DEAR MISS MANNERS: My mother taught me not to mess with a lady's purse, but when I go to socials, I often find all of the available seats occupied by purses and coats. The ladies are chatting in the kitchen while the men are standing on sore knees in the living room.
Are these chairs reserved for the ladies whose purses occupy them? Where should the ladies properly place their coats and purses? Am I allowed to remove a purse or coat and put it in its proper place?
GENTLE READER: You gentlemen would be less uncomfortable if you stopped standing on your knees, Miss Manners would imagine. And if you understood that messing with a lady's purse means opening it, sitting on it, tossing it across the room and, in extreme cases, stealing it, but not carefully placing it out of your way, but where she will be able to find it.

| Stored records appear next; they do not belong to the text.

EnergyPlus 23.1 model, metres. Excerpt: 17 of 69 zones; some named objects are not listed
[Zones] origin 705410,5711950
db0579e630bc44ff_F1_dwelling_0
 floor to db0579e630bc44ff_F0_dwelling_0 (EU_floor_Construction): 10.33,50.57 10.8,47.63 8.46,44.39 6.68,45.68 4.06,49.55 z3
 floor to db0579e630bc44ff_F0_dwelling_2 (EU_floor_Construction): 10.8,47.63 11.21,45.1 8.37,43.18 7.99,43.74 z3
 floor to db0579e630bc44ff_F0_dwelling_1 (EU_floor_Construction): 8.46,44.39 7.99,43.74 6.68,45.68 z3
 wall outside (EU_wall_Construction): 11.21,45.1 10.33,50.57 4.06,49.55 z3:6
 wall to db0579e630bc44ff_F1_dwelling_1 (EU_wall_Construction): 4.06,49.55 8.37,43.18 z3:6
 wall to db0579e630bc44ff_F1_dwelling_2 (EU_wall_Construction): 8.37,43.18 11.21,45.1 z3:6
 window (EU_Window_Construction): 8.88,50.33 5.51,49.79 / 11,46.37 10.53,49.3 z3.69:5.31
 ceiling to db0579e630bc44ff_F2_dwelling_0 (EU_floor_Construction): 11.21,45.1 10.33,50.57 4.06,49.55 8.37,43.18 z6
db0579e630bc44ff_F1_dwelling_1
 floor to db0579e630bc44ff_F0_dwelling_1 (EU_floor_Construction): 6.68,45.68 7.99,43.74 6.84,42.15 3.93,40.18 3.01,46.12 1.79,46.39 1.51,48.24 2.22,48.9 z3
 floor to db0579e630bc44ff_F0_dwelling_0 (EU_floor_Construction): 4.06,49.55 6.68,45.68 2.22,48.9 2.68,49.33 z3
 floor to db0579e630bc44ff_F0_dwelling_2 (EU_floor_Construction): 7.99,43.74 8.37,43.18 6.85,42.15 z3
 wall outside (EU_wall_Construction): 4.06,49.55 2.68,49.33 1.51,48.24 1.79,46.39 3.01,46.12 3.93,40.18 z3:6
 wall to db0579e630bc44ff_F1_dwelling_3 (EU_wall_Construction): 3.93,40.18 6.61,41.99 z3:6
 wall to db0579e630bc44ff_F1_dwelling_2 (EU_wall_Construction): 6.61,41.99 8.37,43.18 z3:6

Gentlemen may not appreciate the fact that there has never been a satisfactory solution to the problem of where a lady should park her purse. If she puts it on the floor, you will step on it. If she puts it on a table, you will spill your drink on it. If she keeps it on her arm, it will tire her and also hit you in the wrong place if you try to hug her.
Coats are another matter. Presumably there is a closet, or you gentlemen would have strewn your own coats on chairs. So why don't you hang up the ladies' coats? For that matter, why didn't you do so when you and the ladies arrived?
DEAR MISS MANNERS: I will be getting married in a few months' time and have been having a hard time picking out wedding favors within our budget that will make it further than the garbage can once our guests return home.
We have allotted $1 to $2 per guest. Our gift budget does not lack as a result of money being improperly allocated; we have needed to find many ways to cut corners.
My fiance and I have thought to instead donate the money to an organization which does research on a terminal illness, to which we lost his mother a couple of years ago.
Do you think that our guests would appreciate the sentiment or be miffed that they were not given individual gifts? Would we be better off giving each guest some cookies or candies?
GENTLE READER: Who told you that you had to give out wedding favors? Etiquette has never thought of weddings as comparable to children's birthday parties, where the guests might need consolation for not being the center of attention.
Donating money for medical research is a fine idea, if you can manage it, and Miss Manners commends you. But it has nothing to do with your wedding guests. It cannot be construed as any sort of favor to them.
You owe them only the hospitality of the occasion. Drawing attention to your having considered, and then decided against, giving them little presents will not strike them as charming.